Answer with the exact lines of the following material from the one containing "#88=EDGE_CURVE('E43',#79,#87,#85,.T.);" through the one containing "#113=ORIENTED_EDGE('',*,*,#112,.T.);", both end lines included.
---------- Exercise material ----------
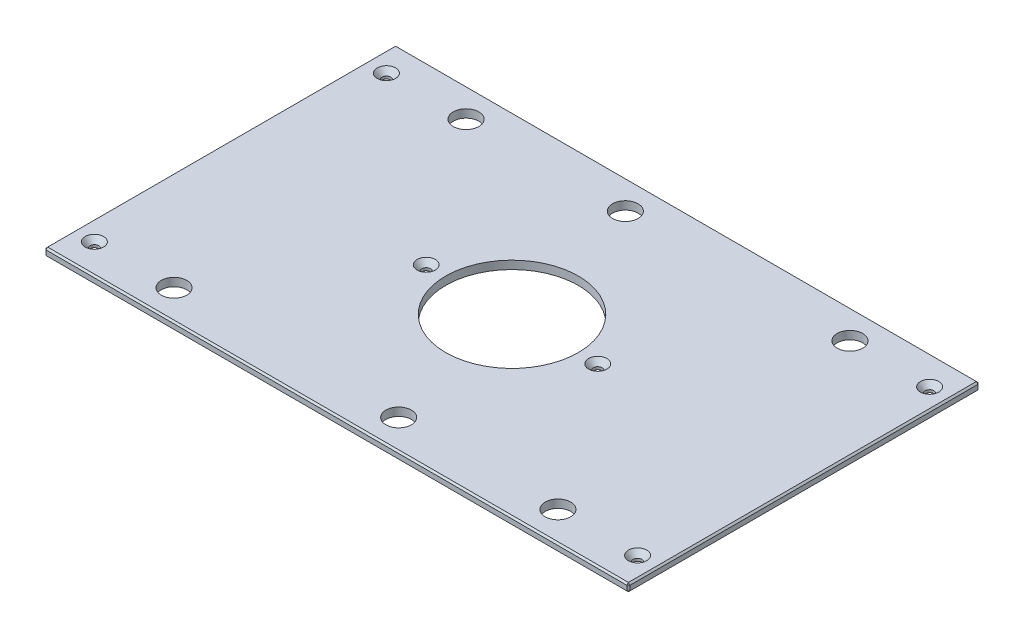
ISO-10303-21;
HEADER;
FILE_DESCRIPTION(('STEP AP214'),'2;1');
FILE_NAME('part.step','',(''),(''),'','','');
FILE_SCHEMA(('AUTOMOTIVE_DESIGN { 1 0 10303 214 1 1 1 1 }'));
ENDSEC;
DATA;
#1=APPLICATION_CONTEXT('core data for automotive mechanical design processes');
#2=APPLICATION_PROTOCOL_DEFINITION('international standard','automotive_design',2000,#1);
#3=PRODUCT_CONTEXT('',#1,'mechanical');
#4=PRODUCT('Part','Part','',(#3));
#5=PRODUCT_RELATED_PRODUCT_CATEGORY('part','',(#4));
#6=PRODUCT_DEFINITION_FORMATION('','',#4);
#7=PRODUCT_DEFINITION_CONTEXT('part definition',#1,'design');
#8=PRODUCT_DEFINITION('design','',#6,#7);
#9=PRODUCT_DEFINITION_SHAPE('','',#8);
#10=(LENGTH_UNIT() NAMED_UNIT(*) SI_UNIT(.MILLI.,.METRE.));
#11=(NAMED_UNIT(*) PLANE_ANGLE_UNIT() SI_UNIT($,.RADIAN.));
#12=(NAMED_UNIT(*) SI_UNIT($,.STERADIAN.) SOLID_ANGLE_UNIT());
#13=UNCERTAINTY_MEASURE_WITH_UNIT(LENGTH_MEASURE(1.E-05),#10,'distance_accuracy_value','');
#14=(GEOMETRIC_REPRESENTATION_CONTEXT(3) GLOBAL_UNCERTAINTY_ASSIGNED_CONTEXT((#13)) GLOBAL_UNIT_ASSIGNED_CONTEXT((#10,
#11,#12)) REPRESENTATION_CONTEXT('',''));
#15=CARTESIAN_POINT('',(0.,0.,0.));
#16=DIRECTION('',(0.,0.,1.));
#17=DIRECTION('',(1.,0.,0.));
#18=AXIS2_PLACEMENT_3D('',#15,#16,#17);
#19=CARTESIAN_POINT('',(-227.0125,6.35,-136.525));
#20=DIRECTION('',(1.,0.,0.));
#21=DIRECTION('',(0.,0.,-1.));
#22=AXIS2_PLACEMENT_3D('',#19,#20,#21);
#23=PLANE('',#22);
#24=DIRECTION('',(0.,0.,-1.));
#25=VECTOR('',#24,1.);
#26=CARTESIAN_POINT('',(-227.0125,5.08000000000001,-136.525));
#27=LINE('',#26,#25);
#28=CARTESIAN_POINT('',(-227.0125,5.08000000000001,135.255));
#29=VERTEX_POINT('',#28);
#30=CARTESIAN_POINT('',(-227.0125,5.08000000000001,-135.255));
#31=VERTEX_POINT('',#30);
#32=EDGE_CURVE('E134',#29,#31,#27,.T.);
#33=ORIENTED_EDGE('',*,*,#32,.T.);
#34=DIRECTION('',(0.,-1.,0.));
#35=VECTOR('',#34,1.);
#36=CARTESIAN_POINT('',(-227.0125,6.35,-135.255));
#37=LINE('',#36,#35);
#38=CARTESIAN_POINT('',(-227.0125,1.26999999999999,-135.255));
#39=VERTEX_POINT('',#38);
#40=EDGE_CURVE('E130',#31,#39,#37,.T.);
#41=ORIENTED_EDGE('',*,*,#40,.T.);
#42=DIRECTION('',(0.,0.,1.));
#43=VECTOR('',#42,1.);
#44=CARTESIAN_POINT('',(-227.0125,1.26999999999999,-136.525));
#45=LINE('',#44,#43);
#46=CARTESIAN_POINT('',(-227.0125,1.26999999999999,135.255));
#47=VERTEX_POINT('',#46);
#48=EDGE_CURVE('E125',#39,#47,#45,.T.);
#49=ORIENTED_EDGE('',*,*,#48,.T.);
#50=DIRECTION('',(0.,1.,0.));
#51=VECTOR('',#50,1.);
#52=CARTESIAN_POINT('',(-227.0125,6.35,135.255));
#53=LINE('',#52,#51);
#54=EDGE_CURVE('E127',#47,#29,#53,.T.);
#55=ORIENTED_EDGE('',*,*,#54,.T.);
#56=EDGE_LOOP('',(#33,#41,#49,#55));
#57=FACE_BOUND('',#56,.T.);
#58=ADVANCED_FACE('F34',(#57),#23,.F.);
#59=CARTESIAN_POINT('',(-227.0125,6.35,136.525));
#60=DIRECTION('',(0.,0.,-1.));
#61=DIRECTION('',(-1.,0.,0.));
#62=AXIS2_PLACEMENT_3D('',#59,#60,#61);
#63=PLANE('',#62);
#64=DIRECTION('',(1.,0.,0.));
#65=VECTOR('',#64,1.);
#66=CARTESIAN_POINT('',(-227.0125,1.26999999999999,136.525));
#67=LINE('',#66,#65);
#68=CARTESIAN_POINT('',(-225.7425,1.26999999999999,136.525));
#69=VERTEX_POINT('',#68);
#70=CARTESIAN_POINT('',(225.7425,1.26999999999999,136.525));
#71=VERTEX_POINT('',#70);
#72=EDGE_CURVE('E57',#69,#71,#67,.T.);
#73=ORIENTED_EDGE('',*,*,#72,.T.);
#74=DIRECTION('',(0.,1.,0.));
#75=VECTOR('',#74,1.);
#76=CARTESIAN_POINT('',(225.7425,6.35,136.525));
#77=LINE('',#76,#75);
#78=CARTESIAN_POINT('',(225.7425,5.08000000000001,136.525));
#79=VERTEX_POINT('',#78);
#80=EDGE_CURVE('E11',#71,#79,#77,.T.);
#81=ORIENTED_EDGE('',*,*,#80,.T.);
#82=DIRECTION('',(-1.,0.,0.));
#83=VECTOR('',#82,1.);
#84=CARTESIAN_POINT('',(-227.0125,5.08000000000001,136.525));
#85=LINE('',#84,#83);
#86=CARTESIAN_POINT('',(-225.7425,5.08000000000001,136.525));
#87=VERTEX_POINT('',#86);
#88=EDGE_CURVE('E43',#79,#87,#85,.T.);
#89=ORIENTED_EDGE('',*,*,#88,.T.);
#90=DIRECTION('',(0.,-1.,0.));
#91=VECTOR('',#90,1.);
#92=CARTESIAN_POINT('',(-225.7425,6.35,136.525));
#93=LINE('',#92,#91);
#94=EDGE_CURVE('E290',#87,#69,#93,.T.);
#95=ORIENTED_EDGE('',*,*,#94,.T.);
#96=EDGE_LOOP('',(#73,#81,#89,#95));
#97=FACE_BOUND('',#96,.T.);
#98=ADVANCED_FACE('F359',(#97),#63,.F.);
#99=CARTESIAN_POINT('',(227.0125,6.35,-136.525));
#100=DIRECTION('',(-1.,0.,0.));
#101=DIRECTION('',(0.,0.,1.));
#102=AXIS2_PLACEMENT_3D('',#99,#100,#101);
#103=PLANE('',#102);
#104=DIRECTION('',(0.,0.,-1.));
#105=VECTOR('',#104,1.);
#106=CARTESIAN_POINT('',(227.0125,1.26999999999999,-136.525));
#107=LINE('',#106,#105);
#108=CARTESIAN_POINT('',(227.0125,1.26999999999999,135.255));
#109=VERTEX_POINT('',#108);
#110=CARTESIAN_POINT('',(227.0125,1.26999999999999,-135.255));
#111=VERTEX_POINT('',#110);
#112=EDGE_CURVE('E285',#109,#111,#107,.T.);
#113=ORIENTED_EDGE('',*,*,#112,.T.);
#114=DIRECTION('',(0.,1.,0.));
#115=VECTOR('',#114,1.);
#116=CARTESIAN_POINT('',(227.0125,6.35,-135.255));
#117=LINE('',#116,#115);
#118=CARTESIAN_POINT('',(227.0125,5.08000000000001,-135.255));
#119=VERTEX_POINT('',#118);
#120=EDGE_CURVE('E287',#111,#119,#117,.T.);
#121=ORIENTED_EDGE('',*,*,#120,.T.);
#122=DIRECTION('',(0.,0.,1.));
#123=VECTOR('',#122,1.);
#124=CARTESIAN_POINT('',(227.0125,5.08000000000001,136.525));
#125=LINE('',#124,#123);
#126=CARTESIAN_POINT('',(227.0125,5.08000000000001,135.255));
#127=VERTEX_POINT('',#126);
#128=EDGE_CURVE('E283',#119,#127,#125,.T.);
#129=ORIENTED_EDGE('',*,*,#128,.T.);
#130=DIRECTION('',(0.,-1.,0.));
#131=VECTOR('',#130,1.);
#132=CARTESIAN_POINT('',(227.0125,6.35,135.255));
#133=LINE('',#132,#131);
#134=EDGE_CURVE('E281',#127,#109,#133,.T.);
#135=ORIENTED_EDGE('',*,*,#134,.T.);
#136=EDGE_LOOP('',(#113,#121,#129,#135));
#137=FACE_BOUND('',#136,.T.);
#138=ADVANCED_FACE('F346',(#137),#103,.F.);
#139=CARTESIAN_POINT('',(-227.0125,6.35,-136.525));
#140=DIRECTION('',(0.,0.,1.));
#141=DIRECTION('',(1.,0.,0.));
#142=AXIS2_PLACEMENT_3D('',#139,#140,#141);
#143=PLANE('',#142);
#144=DIRECTION('',(-1.,0.,0.));
#145=VECTOR('',#144,1.);
#146=CARTESIAN_POINT('',(-227.0125,1.26999999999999,-136.525));
#147=LINE('',#146,#145);
#148=CARTESIAN_POINT('',(225.7425,1.26999999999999,-136.525));
#149=VERTEX_POINT('',#148);
#150=CARTESIAN_POINT('',(-225.7425,1.26999999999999,-136.525));
#151=VERTEX_POINT('',#150);
#152=EDGE_CURVE('E257',#149,#151,#147,.T.);
#153=ORIENTED_EDGE('',*,*,#152,.T.);
#154=DIRECTION('',(0.,1.,0.));
#155=VECTOR('',#154,1.);
#156=CARTESIAN_POINT('',(-225.7425,6.35,-136.525));
#157=LINE('',#156,#155);
#158=CARTESIAN_POINT('',(-225.7425,5.08000000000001,-136.525));
#159=VERTEX_POINT('',#158);
#160=EDGE_CURVE('E261',#151,#159,#157,.T.);
#161=ORIENTED_EDGE('',*,*,#160,.T.);
#162=DIRECTION('',(1.,0.,0.));
#163=VECTOR('',#162,1.);
#164=CARTESIAN_POINT('',(227.0125,5.08000000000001,-136.525));
#165=LINE('',#164,#163);
#166=CARTESIAN_POINT('',(225.7425,5.08000000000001,-136.525));
#167=VERTEX_POINT('',#166);
#168=EDGE_CURVE('E259',#159,#167,#165,.T.);
#169=ORIENTED_EDGE('',*,*,#168,.T.);
#170=DIRECTION('',(0.,-1.,0.));
#171=VECTOR('',#170,1.);
#172=CARTESIAN_POINT('',(225.7425,6.35,-136.525));
#173=LINE('',#172,#171);
#174=EDGE_CURVE('E255',#167,#149,#173,.T.);
#175=ORIENTED_EDGE('',*,*,#174,.T.);
#176=EDGE_LOOP('',(#153,#161,#169,#175));
#177=FACE_BOUND('',#176,.T.);
#178=ADVANCED_FACE('F320',(#177),#143,.F.);
#179=CARTESIAN_POINT('',(0.,6.35,0.));
#180=DIRECTION('',(0.,1.,0.));
#181=DIRECTION('',(0.,0.,1.));
#182=AXIS2_PLACEMENT_3D('',#179,#180,#181);
#183=PLANE('',#182);
#184=CARTESIAN_POINT('',(211.1375,6.35,-113.50498));
#185=DIRECTION('',(0.,1.,0.));
#186=DIRECTION('',(0.,0.,1.));
#187=AXIS2_PLACEMENT_3D('',#184,#185,#186);
#188=CIRCLE('',#187,7.13739999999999);
#189=CARTESIAN_POINT('',(211.1375,6.35,-106.36758));
#190=VERTEX_POINT('',#189);
#191=EDGE_CURVE('E783',#190,#190,#188,.T.);
#192=ORIENTED_EDGE('',*,*,#191,.F.);
#193=EDGE_LOOP('',(#192));
#194=FACE_BOUND('',#193,.T.);
#195=CARTESIAN_POINT('',(211.1375,6.35,113.50498));
#196=DIRECTION('',(0.,1.,0.));
#197=DIRECTION('',(0.,0.,1.));
#198=AXIS2_PLACEMENT_3D('',#195,#196,#197);
#199=CIRCLE('',#198,7.13739999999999);
#200=CARTESIAN_POINT('',(211.1375,6.35,120.64238));
#201=VERTEX_POINT('',#200);
#202=EDGE_CURVE('E787',#201,#201,#199,.T.);
#203=ORIENTED_EDGE('',*,*,#202,.F.);
#204=EDGE_LOOP('',(#203));
#205=FACE_BOUND('',#204,.T.);
#206=CARTESIAN_POINT('',(-211.1375,6.35,113.50498));
#207=DIRECTION('',(0.,1.,0.));
#208=DIRECTION('',(0.,0.,1.));
#209=AXIS2_PLACEMENT_3D('',#206,#207,#208);
#210=CIRCLE('',#209,7.13739999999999);
#211=CARTESIAN_POINT('',(-211.1375,6.35,120.64238));
#212=VERTEX_POINT('',#211);
#213=EDGE_CURVE('E791',#212,#212,#210,.T.);
#214=ORIENTED_EDGE('',*,*,#213,.F.);
#215=EDGE_LOOP('',(#214));
#216=FACE_BOUND('',#215,.T.);
#217=CARTESIAN_POINT('',(-66.675,6.35,0.));
#218=DIRECTION('',(0.,1.,0.));
#219=DIRECTION('',(0.,0.,1.));
#220=AXIS2_PLACEMENT_3D('',#217,#218,#219);
#221=CIRCLE('',#220,7.1374);
#222=CARTESIAN_POINT('',(-66.675,6.35,7.1374));
#223=VERTEX_POINT('',#222);
#224=EDGE_CURVE('E795',#223,#223,#221,.T.);
#225=ORIENTED_EDGE('',*,*,#224,.F.);
#226=EDGE_LOOP('',(#225));
#227=FACE_BOUND('',#226,.T.);
#228=CARTESIAN_POINT('',(66.675,6.35,0.));
#229=DIRECTION('',(0.,1.,0.));
#230=DIRECTION('',(0.,0.,1.));
#231=AXIS2_PLACEMENT_3D('',#228,#229,#230);
#232=CIRCLE('',#231,7.1374);
#233=CARTESIAN_POINT('',(66.675,6.35,7.1374));
#234=VERTEX_POINT('',#233);
#235=EDGE_CURVE('E799',#234,#234,#232,.T.);
#236=ORIENTED_EDGE('',*,*,#235,.F.);
#237=EDGE_LOOP('',(#236));
#238=FACE_BOUND('',#237,.T.);
#239=CARTESIAN_POINT('',(-211.1375,6.35,-113.50498));
#240=DIRECTION('',(0.,1.,0.));
#241=DIRECTION('',(0.,0.,1.));
#242=AXIS2_PLACEMENT_3D('',#239,#240,#241);
#243=CIRCLE('',#242,7.13739999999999);
#244=CARTESIAN_POINT('',(-211.1375,6.35,-106.36758));
#245=VERTEX_POINT('',#244);
#246=EDGE_CURVE('E802',#245,#245,#243,.T.);
#247=ORIENTED_EDGE('',*,*,#246,.F.);
#248=EDGE_LOOP('',(#247));
#249=FACE_BOUND('',#248,.T.);
#250=DIRECTION('',(0.,0.,-1.));
#251=VECTOR('',#250,1.);
#252=CARTESIAN_POINT('',(225.7425,6.35,-136.525));
#253=LINE('',#252,#251);
#254=CARTESIAN_POINT('',(225.7425,6.35,135.255));
#255=VERTEX_POINT('',#254);
#256=CARTESIAN_POINT('',(225.7425,6.35,-135.255));
#257=VERTEX_POINT('',#256);
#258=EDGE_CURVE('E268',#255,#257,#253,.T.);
----------
-- Exercise result --
#88=EDGE_CURVE('E43',#79,#87,#85,.T.);
#89=ORIENTED_EDGE('',*,*,#88,.T.);
#90=DIRECTION('',(0.,-1.,0.));
#91=VECTOR('',#90,1.);
#92=CARTESIAN_POINT('',(-225.7425,6.35,136.525));
#93=LINE('',#92,#91);
#94=EDGE_CURVE('E290',#87,#69,#93,.T.);
#95=ORIENTED_EDGE('',*,*,#94,.T.);
#96=EDGE_LOOP('',(#73,#81,#89,#95));
#97=FACE_BOUND('',#96,.T.);
#98=ADVANCED_FACE('F359',(#97),#63,.F.);
#99=CARTESIAN_POINT('',(227.0125,6.35,-136.525));
#100=DIRECTION('',(-1.,0.,0.));
#101=DIRECTION('',(0.,0.,1.));
#102=AXIS2_PLACEMENT_3D('',#99,#100,#101);
#103=PLANE('',#102);
#104=DIRECTION('',(0.,0.,-1.));
#105=VECTOR('',#104,1.);
#106=CARTESIAN_POINT('',(227.0125,1.26999999999999,-136.525));
#107=LINE('',#106,#105);
#108=CARTESIAN_POINT('',(227.0125,1.26999999999999,135.255));
#109=VERTEX_POINT('',#108);
#110=CARTESIAN_POINT('',(227.0125,1.26999999999999,-135.255));
#111=VERTEX_POINT('',#110);
#112=EDGE_CURVE('E285',#109,#111,#107,.T.);
#113=ORIENTED_EDGE('',*,*,#112,.T.);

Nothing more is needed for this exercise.